• _Activity_
Within the records below is a range that opens at the line with "line L6 (-25.4, -330.2)" and closes at the line with "line L1 (-25.4, 228.6) -> (-25.4, 330.2)". Return that range word for word, both ends included, and only that range.

• _Items from a dataset_
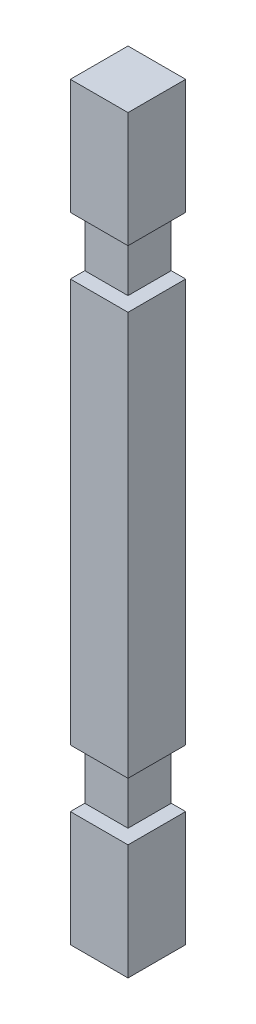
SolidWorks part; units mm, degrees
material "Balsa"
ref_plane "Front Plane" through (0, 0, 0) normal (0, 0, 1) x (1, 0, 0)
ref_plane "Top Plane" through (0, 0, 0) normal (0, 1, 0) x (1, 0, 0)
ref_plane "Right Plane" through (0, 0, 0) normal (1, 0, 0) x (0, 0, -1)
sketch "Sketch2" plane through (0, 0, 0) normal (0, 0, 1) x (1, 0, 0)
  line L0 (0, 330.2) -> (0, -330.2) construction
  line L1 (-25.4, 330.2) -> (25.4, 330.2)
  line L2 (-25.4, 330.2) -> (-25.4, -330.2)
  line L3 (-25.4, -330.2) -> (25.4, -330.2)
  line L4 (25.4, 330.2) -> (25.4, -330.2)
  line L5 (-25.4, 0) -> (25.4, 0) construction
  dimension "D1" = 50.8
  dimension "D2" = 660.4
extrude "Boss-Extrude1" add sketch "Sketch2" along normal blind 50.8
sketch "Sketch5" plane through (0, 0, 50.8) normal (0, 0, 1) x (1, 0, 0)
  line L0 (-25.4, 330.2) -> (-25.4, -330.2) construction
  line L1 (-25.4, 228.6) -> (25.4, 228.6)
  line L2 (-25.4, 228.6) -> (-25.4, 177.8)
  line L3 (-25.4, 177.8) -> (25.4, 177.8)
  line L4 (25.4, 228.6) -> (25.4, 177.8)
  line L5 (25.4, -330.2) -> (25.4, 330.2) construction
  line L6 (25.4, 330.2) -> (-25.4, 330.2) construction
  dimension "D1" = 50.8
  dimension "D2" = 101.6
extrude "Cut-Extrude1" cut sketch "Sketch5" against normal blind 12.7
sketch "Sketch6" plane through (25.4, 0, 0) normal (1, 0, 0) x (0, 0, -1)
  line L0 (0, -330.2) -> (0, 330.2) construction
  line L1 (-50.8, 228.6) -> (0, 228.6)
  line L2 (-50.8, 228.6) -> (-50.8, 177.8)
  line L3 (-50.8, 177.8) -> (0, 177.8)
  line L4 (0, 228.6) -> (0, 177.8)
  dimension "D1" = 50.8
extrude "Cut-Extrude2" cut sketch "Sketch6" against normal blind 12.7
sketch "Sketch10" plane through (0, 0, 50.8) normal (0, 0, 1) x (1, 0, 0)
  line L0 (25.4, -330.2) -> (25.4, 177.8) construction
  line L1 (25.4, -177.8) -> (-25.4, -177.8)
  line L2 (25.4, -177.8) -> (25.4, -228.6)
  line L3 (25.4, -228.6) -> (-25.4, -228.6)
  line L4 (-25.4, -177.8) -> (-25.4, -228.6)
  line L5 (-25.4, 177.8) -> (-25.4, -330.2) construction
  line L6 (-25.4, -330.2) -> (25.4, -330.2) construction
  dimension "D1" = 50.8
  dimension "D2" = 101.6
extrude "Cut-Extrude3" cut sketch "Sketch10" against normal blind 12.7
sketch "Sketch11" plane through (25.4, 0, 0) normal (1, 0, 0) x (0, 0, -1)
  line L0 (0, -330.2) -> (0, 177.8) construction
  line L1 (-50.8, -177.8) -> (0, -177.8)
  line L2 (-50.8, -177.8) -> (-50.8, -228.6)
  line L3 (-50.8, -228.6) -> (0, -228.6)
  line L4 (0, -177.8) -> (0, -228.6)
  dimension "D1" = 50.8
extrude "Cut-Extrude4" cut sketch "Sketch11" against normal blind 12.7
sketch "Sketch12" plane through (0, 0, 0) normal (0, 0, -1) x (-1, 0, 0)
  line L0 (-25.4, 330.2) -> (25.4, 330.2) construction
  line L1 (-25.4, 228.6) -> (-25.4, 330.2) construction
  circle A0 centre (0, 304.8) radius 8
  point P4 (0, 330.2)
  dimension "D1" = 25.4
  dimension "D3" = 16
  dimension "D2" = 25.4
extrude "Cut-Extrude5" cut sketch "Sketch12" against normal blind 16
sketch "Sketch13" plane through (-25.4, 0, 0) normal (-1, 0, 0) x (0, 0, 1)
  line L0 (50.8, 330.2) -> (0, 330.2) construction
  line L1 (50.8, 330.2) -> (50.8, 228.6) construction
  circle A0 centre (25.4, 304.8) radius 8
  dimension "D1" = 16
  dimension "D2" = 25.4
  dimension "D3" = 25.4
extrude "Cut-Extrude6" cut sketch "Sketch13" against normal blind 16
sketch "Sketch14" plane through (0, 0, 0) normal (0, 0, -1) x (-1, 0, 0)
  line L0 (25.4, -330.2) -> (-25.4, -330.2) construction
  line L1 (-25.4, -330.2) -> (-25.4, -228.6) construction
  circle A0 centre (0, -304.8) radius 8
  dimension "D1" = 16
  dimension "D2" = 25.4
  dimension "D3" = 25.4
extrude "Cut-Extrude7" cut sketch "Sketch14" against normal blind 16
sketch "Sketch15" plane through (-25.4, 0, 0) normal (-1, 0, 0) x (0, 0, 1)
  line L0 (50.8, -330.2) -> (0, -330.2) construction
  line L1 (50.8, -228.6) -> (50.8, -330.2) construction
  circle A0 centre (25.4, -304.8) radius 8
  dimension "D1" = 16
  dimension "D2" = 25.4
  dimension "D3" = 25.4
extrude "Cut-Extrude8" cut sketch "Sketch15" against normal blind 16

• _Task answer_
  line L6 (-25.4, -330.2) -> (25.4, -330.2) construction
  dimension "D1" = 50.8
  dimension "D2" = 101.6
extrude "Cut-Extrude3" cut sketch "Sketch10" against normal blind 12.7
sketch "Sketch11" plane through (25.4, 0, 0) normal (1, 0, 0) x (0, 0, -1)
  line L0 (0, -330.2) -> (0, 177.8) construction
  line L1 (-50.8, -177.8) -> (0, -177.8)
  line L2 (-50.8, -177.8) -> (-50.8, -228.6)
  line L3 (-50.8, -228.6) -> (0, -228.6)
  line L4 (0, -177.8) -> (0, -228.6)
  dimension "D1" = 50.8
extrude "Cut-Extrude4" cut sketch "Sketch11" against normal blind 12.7
sketch "Sketch12" plane through (0, 0, 0) normal (0, 0, -1) x (-1, 0, 0)
  line L0 (-25.4, 330.2) -> (25.4, 330.2) construction
  line L1 (-25.4, 228.6) -> (-25.4, 330.2) construction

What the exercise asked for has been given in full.